How do you reproduce when you lack the genes for reproduction?   Duke University Medical Center researchers want to know also because that can tell a lot about how yeast infections occur.  

In a paper published in Nature, Joseph Heitman, M.D., Ph.D., director of the Center for Microbial Pathogenesis in the Duke Department of Molecular Genetics and Microbiology and colleagues report that eight Candida species which have a sexual cycle were missing many of the genes related to reproduction found in other species.   

Yeast infections are notoriously hard to treat and yeast are one of the most successful pathogens and commensals in nature, he said. A commensal is an organism that benefits from associating with another organism without affecting the other. Humans are susceptible to three types of yeast infection: thrush (in the mouth and throat), vaginal infection, and a sometimes fatal systemic infection of bloodstream and organs, such as the kidney.

"Sex contributes to the Candida yeast species' evolutionary success," said Heitman,  co-author of two papers that tell the story in Nature and Current Biology. "I think the fact that it has a complete sex cycle is likely to play a role in the evolution of drug resistance in this emerging pathogenic yeast species. "

"The unrecognized sex cycle could mean we need to develop new treatments to combat what is really happening in humans infected by yeast," said co-author Jennifer Reedy M.D. Ph.D.

With co-author Anna Floyd, Heitman and Reedy explored the question further in a study appearing in the May 14 Current Biology. The major question was: how could the yeast sexually produce spores when they lack so many genes responsible for meiosis, the process of sexual cell division that reduces chromosomes to half their number in the progeny? 

By examining and defining the structure and functions of the mating-type genes in yeast, Reedy learned that forms of Candida yeast undergo meiosis but generate offspring of several types. About two-thirds have the classic 50:50 division of chromosomes from the split parent cell, but a third of them have an extra chromosome or even double copies of all chromosomes.

Heitman said that Candida's meiosis without meiotic genes may be what gives rise to the progeny with unusual numbers of chromosomes. "Or maybe the genes were lost for a reason, to provide a route to genetic diversity," Heitman said. "Or maybe these differing types of progeny are the unfortunate consequence of undergoing meiosis without the machinery that species normally have when they reproduce sexually." 

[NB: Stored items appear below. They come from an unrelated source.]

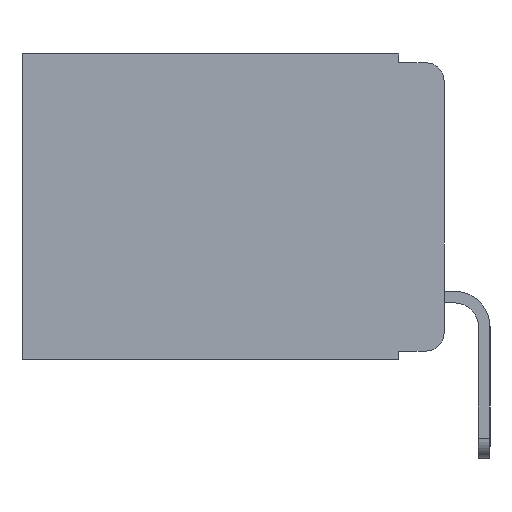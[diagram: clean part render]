
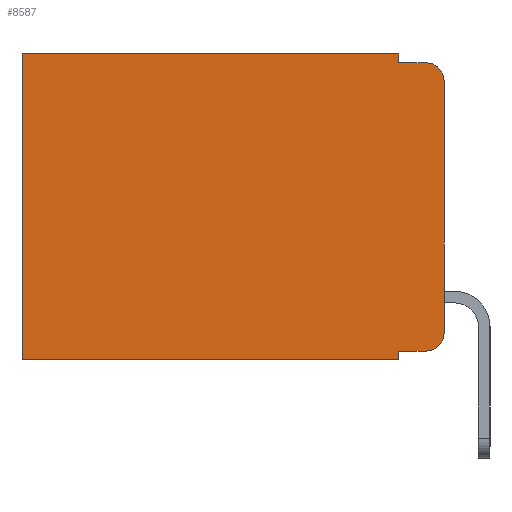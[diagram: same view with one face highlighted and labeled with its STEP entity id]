
A CAD part, left-side view. The second image highlights one B-rep face of the part: STEP entity #8587.
In plain terms, the highlighted planar face has unit normal (-1, 0, 0).
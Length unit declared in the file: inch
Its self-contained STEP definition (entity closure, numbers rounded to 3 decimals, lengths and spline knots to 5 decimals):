
#3 = DIRECTION ( 'NONE',  ( 0., 0., -1. ) ) ;
#221 = VERTEX_POINT ( 'NONE', #5377 ) ;
#238 = CARTESIAN_POINT ( 'NONE',  ( 0.298, 0.02, -0.333 ) ) ;
#324 = PLANE ( 'NONE',  #2985 ) ;
#393 = DIRECTION ( 'NONE',  ( 0., 1., 0. ) ) ;
#471 = VERTEX_POINT ( 'NONE', #4349 ) ;
#512 = VERTEX_POINT ( 'NONE', #238 ) ;
#542 = CARTESIAN_POINT ( 'NONE',  ( 0.298, 0.051, 0. ) ) ;
#865 = EDGE_CURVE ( 'NONE', #5020, #3624, #2455, .T. ) ;
#1194 = LINE ( 'NONE', #7193, #6861 ) ;
#1206 = VERTEX_POINT ( 'NONE', #542 ) ;
#1288 = LINE ( 'NONE', #10465, #9532 ) ;
#1897 = LINE ( 'NONE', #4208, #5452 ) ;
#2140 = VECTOR ( 'NONE', #7691, 39.37008 ) ;
#2455 = LINE ( 'NONE', #9135, #5872 ) ;
#2457 = AXIS2_PLACEMENT_3D ( 'NONE', #10377, #10634, #2766 ) ;
#2551 = VERTEX_POINT ( 'NONE', #7488 ) ;
#2766 = DIRECTION ( 'NONE',  ( 0., 0., -1. ) ) ;
#2768 = EDGE_CURVE ( 'NONE', #471, #3183, #1897, .T. ) ;
#2870 = CARTESIAN_POINT ( 'NONE',  ( 0.298, 0.02, -0.313 ) ) ;
#2985 = AXIS2_PLACEMENT_3D ( 'NONE', #7063, #10456, #3731 ) ;
#3049 = ORIENTED_EDGE ( 'NONE', *, *, #9323, .T. ) ;
#3102 = DIRECTION ( 'NONE',  ( 0., 0., -1. ) ) ;
#3183 = VERTEX_POINT ( 'NONE', #7647 ) ;
#3377 = VECTOR ( 'NONE', #7775, 39.37008 ) ;
#3479 = LINE ( 'NONE', #7577, #2140 ) ;
#3594 = ORIENTED_EDGE ( 'NONE', *, *, #7478, .F. ) ;
#3624 = VERTEX_POINT ( 'NONE', #7862 ) ;
#3650 = EDGE_CURVE ( 'NONE', #512, #5455, #10885, .T. ) ;
#3663 = CARTESIAN_POINT ( 'NONE',  ( 0.298, 0., -0.313 ) ) ;
#3731 = DIRECTION ( 'NONE',  ( 0., 0., -1. ) ) ;
#4208 = CARTESIAN_POINT ( 'NONE',  ( 0.298, 0.051, 0. ) ) ;
#4216 = EDGE_CURVE ( 'NONE', #3183, #3624, #9636, .T. ) ;
#4320 = VERTEX_POINT ( 'NONE', #7815 ) ;
#4349 = CARTESIAN_POINT ( 'NONE',  ( 0.298, 0.051, -0.333 ) ) ;
#4387 = CARTESIAN_POINT ( 'NONE',  ( 0.298, 0.473, 0. ) ) ;
#4415 = CARTESIAN_POINT ( 'NONE',  ( 0.298, 0., -0.343 ) ) ;
#4668 = EDGE_CURVE ( 'NONE', #471, #512, #8745, .T. ) ;
#5020 = VERTEX_POINT ( 'NONE', #4387 ) ;
#5264 = DIRECTION ( 'NONE',  ( 0., 0., -1. ) ) ;
#5377 = CARTESIAN_POINT ( 'NONE',  ( 0.298, 0., -0.03 ) ) ;
#5431 = ORIENTED_EDGE ( 'NONE', *, *, #865, .T. ) ;
#5452 = VECTOR ( 'NONE', #3, 39.37008 ) ;
#5455 = VERTEX_POINT ( 'NONE', #3663 ) ;
#5872 = VECTOR ( 'NONE', #9900, 39.37008 ) ;
#6308 = DIRECTION ( 'NONE',  ( -1., 0., 0. ) ) ;
#6861 = VECTOR ( 'NONE', #3102, 39.37008 ) ;
#6964 = DIRECTION ( 'NONE',  ( 0., -1., 0. ) ) ;
#7063 = CARTESIAN_POINT ( 'NONE',  ( 0.298, 0., 0. ) ) ;
#7193 = CARTESIAN_POINT ( 'NONE',  ( 0.298, 0., 0. ) ) ;
#7217 = VECTOR ( 'NONE', #8018, 39.37008 ) ;
#7478 = EDGE_CURVE ( 'NONE', #221, #5455, #1194, .T. ) ;
#7488 = CARTESIAN_POINT ( 'NONE',  ( 0.298, 0.02, -0.01 ) ) ;
#7577 = CARTESIAN_POINT ( 'NONE',  ( 0.298, 0.051, -0.01 ) ) ;
#7647 = CARTESIAN_POINT ( 'NONE',  ( 0.298, 0.051, -0.343 ) ) ;
#7691 = DIRECTION ( 'NONE',  ( 0., -1., 0. ) ) ;
#7775 = DIRECTION ( 'NONE',  ( 0., 0., -1. ) ) ;
#7815 = CARTESIAN_POINT ( 'NONE',  ( 0.298, 0.051, -0.01 ) ) ;
#7862 = CARTESIAN_POINT ( 'NONE',  ( 0.298, 0.473, -0.343 ) ) ;
#7900 = FACE_OUTER_BOUND ( 'NONE', #8163, .T. ) ;
#7956 = CARTESIAN_POINT ( 'NONE',  ( 0.298, 0.051, -0.333 ) ) ;
#8018 = DIRECTION ( 'NONE',  ( 0., 1., 0. ) ) ;
#8044 = ORIENTED_EDGE ( 'NONE', *, *, #10824, .F. ) ;
#8142 = ORIENTED_EDGE ( 'NONE', *, *, #8191, .T. ) ;
#8163 = EDGE_LOOP ( 'NONE', ( #3594, #3049, #8044, #8250, #8142, #5431, #8581, #10801, #10432, #10461 ) ) ;
#8191 = EDGE_CURVE ( 'NONE', #1206, #5020, #1288, .T. ) ;
#8250 = ORIENTED_EDGE ( 'NONE', *, *, #10001, .F. ) ;
#8581 = ORIENTED_EDGE ( 'NONE', *, *, #4216, .F. ) ;
#8587 = ADVANCED_FACE ( 'NONE', ( #7900 ), #324, .F. ) ;
#8745 = LINE ( 'NONE', #7956, #10247 ) ;
#8768 = AXIS2_PLACEMENT_3D ( 'NONE', #2870, #6308, #5264 ) ;
#9135 = CARTESIAN_POINT ( 'NONE',  ( 0.298, 0.473, 0. ) ) ;
#9323 = EDGE_CURVE ( 'NONE', #221, #2551, #10430, .T. ) ;
#9451 = CARTESIAN_POINT ( 'NONE',  ( 0.298, 0.051, 0. ) ) ;
#9532 = VECTOR ( 'NONE', #393, 39.37008 ) ;
#9636 = LINE ( 'NONE', #4415, #7217 ) ;
#9900 = DIRECTION ( 'NONE',  ( 0., 0., -1. ) ) ;
#10001 = EDGE_CURVE ( 'NONE', #1206, #4320, #10170, .T. ) ;
#10170 = LINE ( 'NONE', #9451, #3377 ) ;
#10247 = VECTOR ( 'NONE', #6964, 39.37008 ) ;
#10377 = CARTESIAN_POINT ( 'NONE',  ( 0.298, 0.02, -0.03 ) ) ;
#10430 = CIRCLE ( 'NONE', #2457, 0.02 ) ;
#10432 = ORIENTED_EDGE ( 'NONE', *, *, #4668, .T. ) ;
#10456 = DIRECTION ( 'NONE',  ( 1., 0., 0. ) ) ;
#10461 = ORIENTED_EDGE ( 'NONE', *, *, #3650, .T. ) ;
#10465 = CARTESIAN_POINT ( 'NONE',  ( 0.298, 0., 0. ) ) ;
#10634 = DIRECTION ( 'NONE',  ( -1., 0., 0. ) ) ;
#10801 = ORIENTED_EDGE ( 'NONE', *, *, #2768, .F. ) ;
#10824 = EDGE_CURVE ( 'NONE', #4320, #2551, #3479, .T. ) ;
#10885 = CIRCLE ( 'NONE', #8768, 0.02 ) ;

Humans have their share of oddly paired chromosomes. "Experts estimate that about 10 to 30 percent of human eggs or fusion products may be aneuploid, with chromosomes from mother and father not paired exactly one to one, but the great majority of those fusions of sperm and egg don't make it to the implantation and pregnancy stage," Reedy said. "That's why it is important to find models like this, so that we may shed light on related human conditions."

"What we found is that the sexual cycle has a new way to create genetic diversity, and it provides a unique vantage point from which we can explore the mechanisms of sexual reproduction," Reedy said. "This provides a new way to study sexual reproduction and how chromosomal abnormalities arise."

The Current Biology study was supported by National Institutes of Health/NIAID grants. Dr. Heitman's work in the Nature study was supported by grants from the NIH/National Institute of Allergy and Infectious Diseases (NIAID).